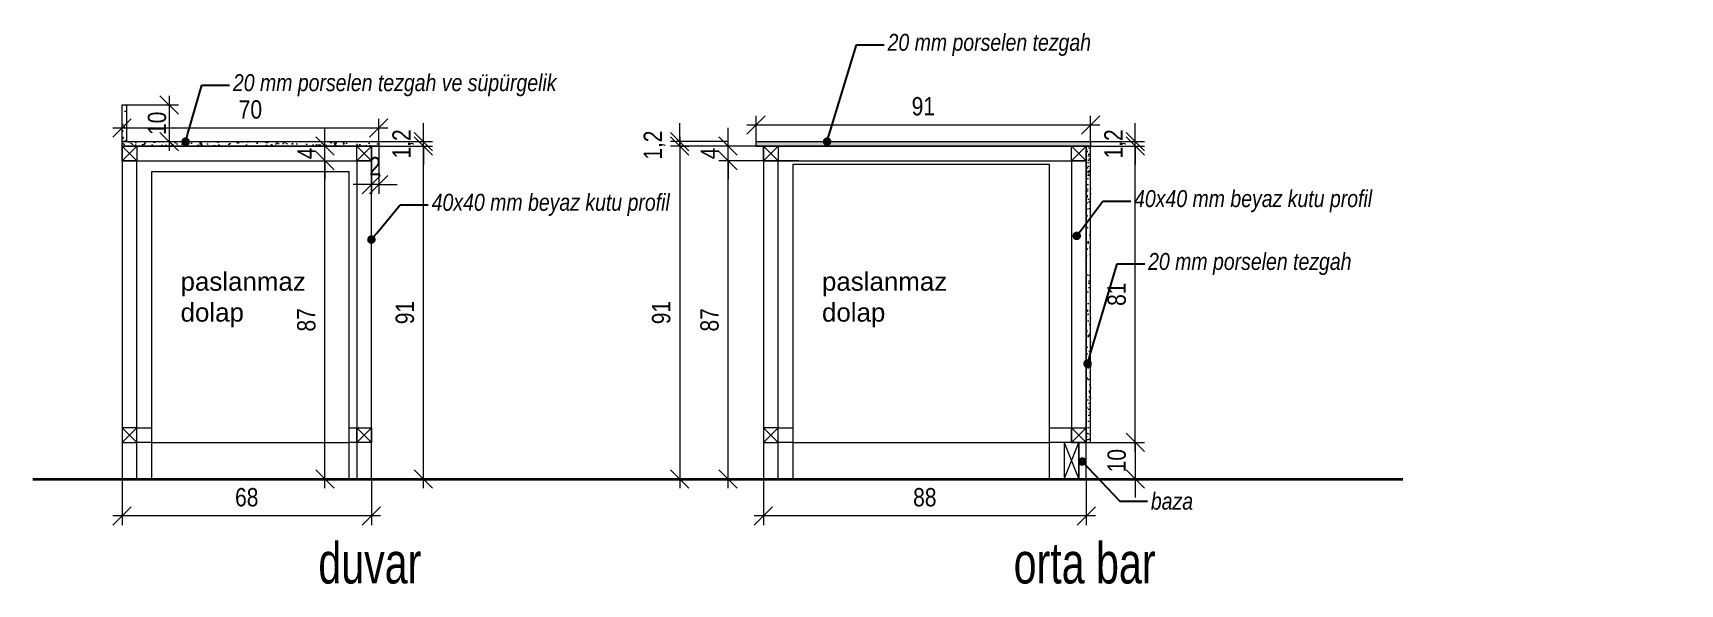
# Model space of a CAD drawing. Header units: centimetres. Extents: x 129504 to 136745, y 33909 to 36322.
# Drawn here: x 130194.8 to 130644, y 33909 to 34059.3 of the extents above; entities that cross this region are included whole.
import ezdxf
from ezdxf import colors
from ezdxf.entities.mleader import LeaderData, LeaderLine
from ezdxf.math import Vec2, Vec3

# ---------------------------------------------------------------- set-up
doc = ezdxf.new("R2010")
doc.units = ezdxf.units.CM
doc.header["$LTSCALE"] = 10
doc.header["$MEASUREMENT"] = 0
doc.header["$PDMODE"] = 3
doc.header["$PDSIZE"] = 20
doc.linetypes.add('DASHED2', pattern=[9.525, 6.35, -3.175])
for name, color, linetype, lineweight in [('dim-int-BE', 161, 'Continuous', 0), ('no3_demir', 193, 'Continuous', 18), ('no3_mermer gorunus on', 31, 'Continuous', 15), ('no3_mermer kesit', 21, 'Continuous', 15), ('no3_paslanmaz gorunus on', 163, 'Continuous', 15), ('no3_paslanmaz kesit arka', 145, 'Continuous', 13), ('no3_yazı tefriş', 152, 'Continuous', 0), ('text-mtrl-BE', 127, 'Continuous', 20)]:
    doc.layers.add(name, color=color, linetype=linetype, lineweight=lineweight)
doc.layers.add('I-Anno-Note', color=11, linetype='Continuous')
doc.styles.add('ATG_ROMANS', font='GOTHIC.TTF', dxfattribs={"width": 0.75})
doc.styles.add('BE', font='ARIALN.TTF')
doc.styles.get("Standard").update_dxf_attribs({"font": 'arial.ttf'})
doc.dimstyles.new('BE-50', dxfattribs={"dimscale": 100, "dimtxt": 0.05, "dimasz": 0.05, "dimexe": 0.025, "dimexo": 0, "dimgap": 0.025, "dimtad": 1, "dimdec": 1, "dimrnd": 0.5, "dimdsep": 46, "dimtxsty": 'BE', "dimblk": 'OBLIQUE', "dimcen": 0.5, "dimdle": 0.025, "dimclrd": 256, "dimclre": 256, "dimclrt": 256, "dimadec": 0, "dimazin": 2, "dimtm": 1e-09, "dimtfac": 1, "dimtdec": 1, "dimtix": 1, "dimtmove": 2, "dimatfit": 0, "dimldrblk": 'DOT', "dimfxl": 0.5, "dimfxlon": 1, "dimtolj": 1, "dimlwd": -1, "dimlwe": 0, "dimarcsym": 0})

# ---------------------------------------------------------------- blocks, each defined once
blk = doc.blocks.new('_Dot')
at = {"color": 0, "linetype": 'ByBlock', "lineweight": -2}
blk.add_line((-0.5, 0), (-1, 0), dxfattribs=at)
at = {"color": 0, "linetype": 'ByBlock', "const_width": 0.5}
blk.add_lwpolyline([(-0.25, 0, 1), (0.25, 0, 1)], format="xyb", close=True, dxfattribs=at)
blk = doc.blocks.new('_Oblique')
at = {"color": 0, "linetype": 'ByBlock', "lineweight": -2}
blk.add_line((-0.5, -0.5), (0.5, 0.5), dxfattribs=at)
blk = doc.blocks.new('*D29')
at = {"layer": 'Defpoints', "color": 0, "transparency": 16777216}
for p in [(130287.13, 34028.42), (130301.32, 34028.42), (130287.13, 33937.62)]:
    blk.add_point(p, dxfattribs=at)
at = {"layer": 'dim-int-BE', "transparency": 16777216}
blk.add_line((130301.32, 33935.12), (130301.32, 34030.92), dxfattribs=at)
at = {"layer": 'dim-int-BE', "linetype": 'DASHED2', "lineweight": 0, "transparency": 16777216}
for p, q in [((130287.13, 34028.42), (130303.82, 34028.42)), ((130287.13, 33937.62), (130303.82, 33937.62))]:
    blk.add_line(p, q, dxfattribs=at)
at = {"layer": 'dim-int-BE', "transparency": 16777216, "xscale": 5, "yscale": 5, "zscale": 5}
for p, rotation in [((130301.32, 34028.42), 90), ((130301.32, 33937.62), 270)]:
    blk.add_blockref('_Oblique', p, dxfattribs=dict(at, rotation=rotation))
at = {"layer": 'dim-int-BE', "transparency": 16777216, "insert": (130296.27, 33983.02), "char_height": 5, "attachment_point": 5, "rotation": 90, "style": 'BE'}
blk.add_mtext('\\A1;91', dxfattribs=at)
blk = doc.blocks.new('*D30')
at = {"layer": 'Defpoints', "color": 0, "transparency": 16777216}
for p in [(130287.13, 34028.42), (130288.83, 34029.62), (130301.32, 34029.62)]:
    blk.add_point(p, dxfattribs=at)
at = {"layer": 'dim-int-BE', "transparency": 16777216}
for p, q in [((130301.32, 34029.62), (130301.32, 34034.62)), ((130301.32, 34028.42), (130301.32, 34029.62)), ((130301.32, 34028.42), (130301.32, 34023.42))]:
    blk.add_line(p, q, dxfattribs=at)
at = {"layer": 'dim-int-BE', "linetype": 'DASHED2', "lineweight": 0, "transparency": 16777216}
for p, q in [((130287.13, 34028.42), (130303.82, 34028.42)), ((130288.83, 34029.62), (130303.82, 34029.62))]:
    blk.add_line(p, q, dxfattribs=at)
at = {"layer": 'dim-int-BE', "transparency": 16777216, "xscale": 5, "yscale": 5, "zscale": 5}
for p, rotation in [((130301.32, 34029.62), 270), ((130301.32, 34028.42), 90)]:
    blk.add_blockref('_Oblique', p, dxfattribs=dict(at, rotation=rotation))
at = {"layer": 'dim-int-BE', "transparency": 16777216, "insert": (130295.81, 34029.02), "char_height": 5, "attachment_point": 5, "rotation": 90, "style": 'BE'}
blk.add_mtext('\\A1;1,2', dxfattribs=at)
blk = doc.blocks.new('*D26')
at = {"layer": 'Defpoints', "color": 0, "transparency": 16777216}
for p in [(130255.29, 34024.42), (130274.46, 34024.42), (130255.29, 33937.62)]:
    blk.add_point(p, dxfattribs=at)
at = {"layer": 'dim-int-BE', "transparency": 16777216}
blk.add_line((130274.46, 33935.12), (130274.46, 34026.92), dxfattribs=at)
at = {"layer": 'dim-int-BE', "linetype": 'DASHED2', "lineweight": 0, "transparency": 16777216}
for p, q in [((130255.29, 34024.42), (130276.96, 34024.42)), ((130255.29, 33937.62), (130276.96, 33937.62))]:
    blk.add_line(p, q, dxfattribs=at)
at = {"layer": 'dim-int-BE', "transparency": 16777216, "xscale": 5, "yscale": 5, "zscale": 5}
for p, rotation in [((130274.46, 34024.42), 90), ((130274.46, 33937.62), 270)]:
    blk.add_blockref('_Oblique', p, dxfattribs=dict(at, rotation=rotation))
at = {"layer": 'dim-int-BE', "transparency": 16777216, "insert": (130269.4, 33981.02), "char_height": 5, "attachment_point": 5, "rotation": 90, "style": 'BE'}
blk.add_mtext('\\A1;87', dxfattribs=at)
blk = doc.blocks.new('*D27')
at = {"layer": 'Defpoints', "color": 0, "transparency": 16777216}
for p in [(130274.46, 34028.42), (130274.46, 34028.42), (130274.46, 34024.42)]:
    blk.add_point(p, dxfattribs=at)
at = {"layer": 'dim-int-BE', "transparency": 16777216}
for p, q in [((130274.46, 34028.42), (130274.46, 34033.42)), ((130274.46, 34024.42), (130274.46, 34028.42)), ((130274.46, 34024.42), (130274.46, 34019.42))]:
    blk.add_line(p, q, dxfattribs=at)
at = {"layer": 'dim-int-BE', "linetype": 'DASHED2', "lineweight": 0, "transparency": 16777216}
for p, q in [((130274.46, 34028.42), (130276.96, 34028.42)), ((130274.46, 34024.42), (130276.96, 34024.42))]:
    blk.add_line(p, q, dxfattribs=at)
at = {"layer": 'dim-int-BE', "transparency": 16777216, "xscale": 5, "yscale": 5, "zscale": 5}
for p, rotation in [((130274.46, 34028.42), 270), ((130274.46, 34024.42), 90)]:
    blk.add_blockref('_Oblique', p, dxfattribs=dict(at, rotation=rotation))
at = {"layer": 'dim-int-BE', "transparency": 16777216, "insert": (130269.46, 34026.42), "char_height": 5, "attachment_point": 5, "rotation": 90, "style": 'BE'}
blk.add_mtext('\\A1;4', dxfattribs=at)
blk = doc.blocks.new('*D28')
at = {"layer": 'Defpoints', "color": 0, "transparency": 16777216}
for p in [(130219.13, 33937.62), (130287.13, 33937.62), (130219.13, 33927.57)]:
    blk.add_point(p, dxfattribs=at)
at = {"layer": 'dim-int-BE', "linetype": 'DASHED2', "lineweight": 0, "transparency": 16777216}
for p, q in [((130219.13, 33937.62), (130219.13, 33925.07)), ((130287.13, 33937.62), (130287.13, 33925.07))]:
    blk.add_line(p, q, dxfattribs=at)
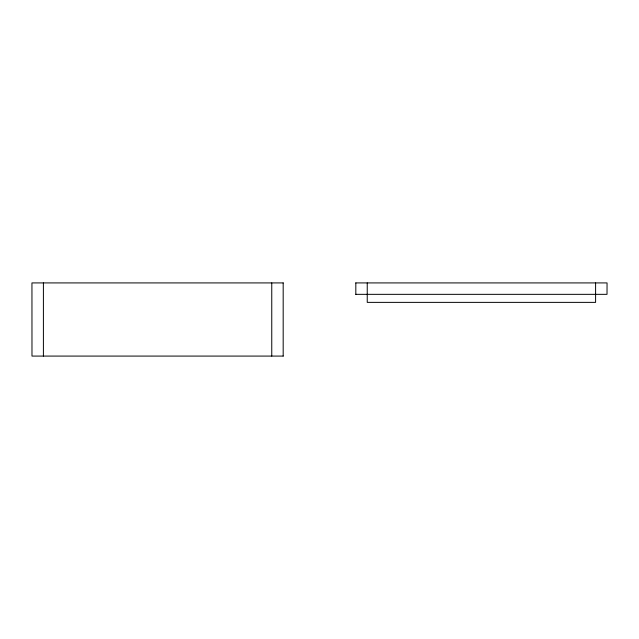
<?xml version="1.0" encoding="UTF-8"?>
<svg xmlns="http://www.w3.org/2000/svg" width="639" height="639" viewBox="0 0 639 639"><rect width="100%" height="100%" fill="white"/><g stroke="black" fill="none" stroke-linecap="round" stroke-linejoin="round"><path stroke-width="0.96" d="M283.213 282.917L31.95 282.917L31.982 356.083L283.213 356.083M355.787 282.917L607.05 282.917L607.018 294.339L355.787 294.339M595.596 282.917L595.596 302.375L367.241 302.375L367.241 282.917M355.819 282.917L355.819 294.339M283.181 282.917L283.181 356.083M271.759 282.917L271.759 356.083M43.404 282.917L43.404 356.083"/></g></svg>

- WORK REQUEST -
Reproduce, exactly as they stand in the data above, the lines from the one that holds "doc.linetypes.add('DASHED2', pattern=[9.525, 6.35, -3.175])" to the one that holds "each defined once", inclusive.

- REPLY TO THE EXERCISE -
doc.linetypes.add('DASHED2', pattern=[9.525, 6.35, -3.175])
for name, color, linetype, lineweight in [('dim-int-BE', 161, 'Continuous', 0), ('no3_demir', 193, 'Continuous', 18), ('no3_mermer gorunus on', 31, 'Continuous', 15), ('no3_mermer kesit', 21, 'Continuous', 15), ('no3_paslanmaz gorunus on', 163, 'Continuous', 15), ('no3_paslanmaz kesit arka', 145, 'Continuous', 13), ('no3_yazı tefriş', 152, 'Continuous', 0), ('text-mtrl-BE', 127, 'Continuous', 20)]:
    doc.layers.add(name, color=color, linetype=linetype, lineweight=lineweight)
doc.layers.add('I-Anno-Note', color=11, linetype='Continuous')
doc.styles.add('ATG_ROMANS', font='GOTHIC.TTF', dxfattribs={"width": 0.75})
doc.styles.add('BE', font='ARIALN.TTF')
doc.styles.get("Standard").update_dxf_attribs({"font": 'arial.ttf'})
doc.dimstyles.new('BE-50', dxfattribs={"dimscale": 100, "dimtxt": 0.05, "dimasz": 0.05, "dimexe": 0.025, "dimexo": 0, "dimgap": 0.025, "dimtad": 1, "dimdec": 1, "dimrnd": 0.5, "dimdsep": 46, "dimtxsty": 'BE', "dimblk": 'OBLIQUE', "dimcen": 0.5, "dimdle": 0.025, "dimclrd": 256, "dimclre": 256, "dimclrt": 256, "dimadec": 0, "dimazin": 2, "dimtm": 1e-09, "dimtfac": 1, "dimtdec": 1, "dimtix": 1, "dimtmove": 2, "dimatfit": 0, "dimldrblk": 'DOT', "dimfxl": 0.5, "dimfxlon": 1, "dimtolj": 1, "dimlwd": -1, "dimlwe": 0, "dimarcsym": 0})

# ---------------------------------------------------------------- blocks, each defined once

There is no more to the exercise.